# should I tell my teachers about my SA?



## mrswolstenholme (Nov 26, 2011)

Has anyone of you done that? How did you do it? Did your situation improve or did you regret it?

I'm thinking about telling my teachers about my SA, because it seems they think I'm just lazy, which I'm not! But I'm afraid I will get way more attention by them and I hate getting attention. I wish I could be invisible in class...


----------



## afraid2goinpublic (Nov 8, 2011)

*School*

What about talking to your school's counselor? And then seeing if she/he recommends you tell your teachers or not....then the teachers can talk to the counselor and work on ways to make it easier for you at school, but to not make a big deal of it in the classroom so the other kids wont know about it. I know when I went to parent teacher sessions for my son I always prefered that they not make a big deal of his issues in front of other children,cause lets face it, other kids can be cruel. 
Hope that helped ya, and good luck!!



mrswolstenholme said:


> Has anyone of you done that? How did you do it? Did your situation improve or did you regret it?
> 
> I'm thinking about telling my teachers about my SA, because it seems they think I'm just lazy, which I'm not! But I'm afraid I will get way more attention by them and I hate getting attention. I wish I could be invisible in class...


----------



## Gorillaz (Jul 13, 2010)

Maybe you could talk about this with your guidance councillor ? If you suffer from SA you can be exempt from presentations/do them solely infront of the teacher.etc. When this happened at my old school, the councillor would just send a note to each teacher telling them of your special conditions. It's kind of an indirect way to tell your teachers and avoid confrontation with them. They may just be alot more understanding without shining you with attention.
At my school there was someone responsible for IEPs/Mental health so if theres someone like that at your school they could help you out.

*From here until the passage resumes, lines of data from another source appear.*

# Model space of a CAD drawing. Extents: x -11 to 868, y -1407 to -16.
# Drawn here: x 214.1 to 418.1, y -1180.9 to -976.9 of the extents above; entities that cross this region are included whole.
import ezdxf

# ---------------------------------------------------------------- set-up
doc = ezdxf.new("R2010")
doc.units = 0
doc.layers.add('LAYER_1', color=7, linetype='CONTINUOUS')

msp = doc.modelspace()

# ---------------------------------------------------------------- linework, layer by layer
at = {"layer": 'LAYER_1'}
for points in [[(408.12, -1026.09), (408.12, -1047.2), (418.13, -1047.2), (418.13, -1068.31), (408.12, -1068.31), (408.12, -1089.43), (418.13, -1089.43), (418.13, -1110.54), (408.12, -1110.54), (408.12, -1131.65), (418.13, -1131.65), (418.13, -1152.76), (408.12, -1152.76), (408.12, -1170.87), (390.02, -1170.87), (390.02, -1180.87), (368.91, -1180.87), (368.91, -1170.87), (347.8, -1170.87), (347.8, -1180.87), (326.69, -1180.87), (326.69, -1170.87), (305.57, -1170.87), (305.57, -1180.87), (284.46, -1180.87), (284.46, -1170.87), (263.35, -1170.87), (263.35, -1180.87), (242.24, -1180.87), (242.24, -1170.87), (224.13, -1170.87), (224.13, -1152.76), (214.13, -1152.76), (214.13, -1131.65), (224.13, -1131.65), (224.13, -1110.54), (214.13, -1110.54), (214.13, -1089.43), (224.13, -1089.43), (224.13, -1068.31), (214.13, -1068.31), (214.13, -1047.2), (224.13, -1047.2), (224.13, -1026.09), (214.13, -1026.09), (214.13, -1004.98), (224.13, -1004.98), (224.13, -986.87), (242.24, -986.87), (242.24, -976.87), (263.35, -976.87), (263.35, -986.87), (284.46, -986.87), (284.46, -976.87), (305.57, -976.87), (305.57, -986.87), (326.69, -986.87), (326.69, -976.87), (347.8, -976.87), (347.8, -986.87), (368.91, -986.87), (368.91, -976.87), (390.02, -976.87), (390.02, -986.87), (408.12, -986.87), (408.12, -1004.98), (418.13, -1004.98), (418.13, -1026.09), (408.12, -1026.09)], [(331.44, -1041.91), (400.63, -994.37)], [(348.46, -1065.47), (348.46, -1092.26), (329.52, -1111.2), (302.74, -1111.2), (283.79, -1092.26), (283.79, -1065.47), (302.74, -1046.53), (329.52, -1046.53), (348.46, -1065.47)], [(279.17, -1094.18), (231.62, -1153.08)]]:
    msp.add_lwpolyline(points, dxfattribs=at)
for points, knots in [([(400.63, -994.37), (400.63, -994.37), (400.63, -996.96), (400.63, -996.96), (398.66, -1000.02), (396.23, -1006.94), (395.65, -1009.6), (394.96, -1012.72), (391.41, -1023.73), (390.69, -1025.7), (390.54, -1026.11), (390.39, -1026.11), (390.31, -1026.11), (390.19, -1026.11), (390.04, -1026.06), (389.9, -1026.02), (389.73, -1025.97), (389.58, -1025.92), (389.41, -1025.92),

I don't really think telling someone at school could really worsen the situation, so if its really bothering you go for it!


----------



## seafolly (Jun 17, 2010)

I like to introduce myself to the professors at the very beginning of each course and briefly explain my situation and what it could mean to them. At my current university you have to email them and the disability centre emails them as well to confirm you're not lying. I've never regretted telling them. It only looks suspicious if you wait until you're in a pickle in which case you could easily be making up excuses to get out of a tough spot - profs see a lot of it and unfortunately the innocent suffer.


----------



## rsh56 (Nov 24, 2011)

Last week in my job seminar class my seminar professor (who is really nice) handed us some flash cards to write down what we should discuss that currently bothers us. W/o writing my name I wrote "social anxiety". When she shared the cards and got to social anxiety, she talked about how her oldest daughter (who is a senior in college) was anxious in meeting people and so forth. Afterwards we discussed about me having it and I asked her how her daughter coped with it. She did tell me that her daughter kept herself busy and there is no reason to look down on the future. I told her how much I want to start my career in IT and move on from the pressures of being a teen. It was a good discussion and I hope to talk to her more often about it.


----------



## IllusionOfHappiness (Sep 6, 2007)

I finally did, last semester of High School. I don't see myself graduating otherwise. It really helped to get it off my chest that I wasn't just lazy or weird or anything like that - I was struggling with so much of it because of untreated anxiety. Most of my teachers were understanding.


----------



## CoolUnderFire (Oct 11, 2011)

I personally wouldn't do it.

I feel like it's an admission of weakness. I've considered emailing the prof and saying I'm too nervous to present (I once had to present in front of 100 people). But then that would be giving up. If other people can do it, I can do.


----------



## complex (Apr 22, 2009)

Best thing I ever did was sit down with every teacher I have ever had since I was diagnosed and discuss it with them it makes it so much easier and they will treat you way better in the long run! It might not be fun to do but it is worth it!


----------



## Phibes (Mar 8, 2009)

I recently had a chat with the undergraduate convenor at my university who happens to run a subject next year that has an element of public speaking involved which I'm worried about. 
I had a chat with him and asked if there was any way that I could do an alternative piece of assessment and he said that something could probably be organised, for sure.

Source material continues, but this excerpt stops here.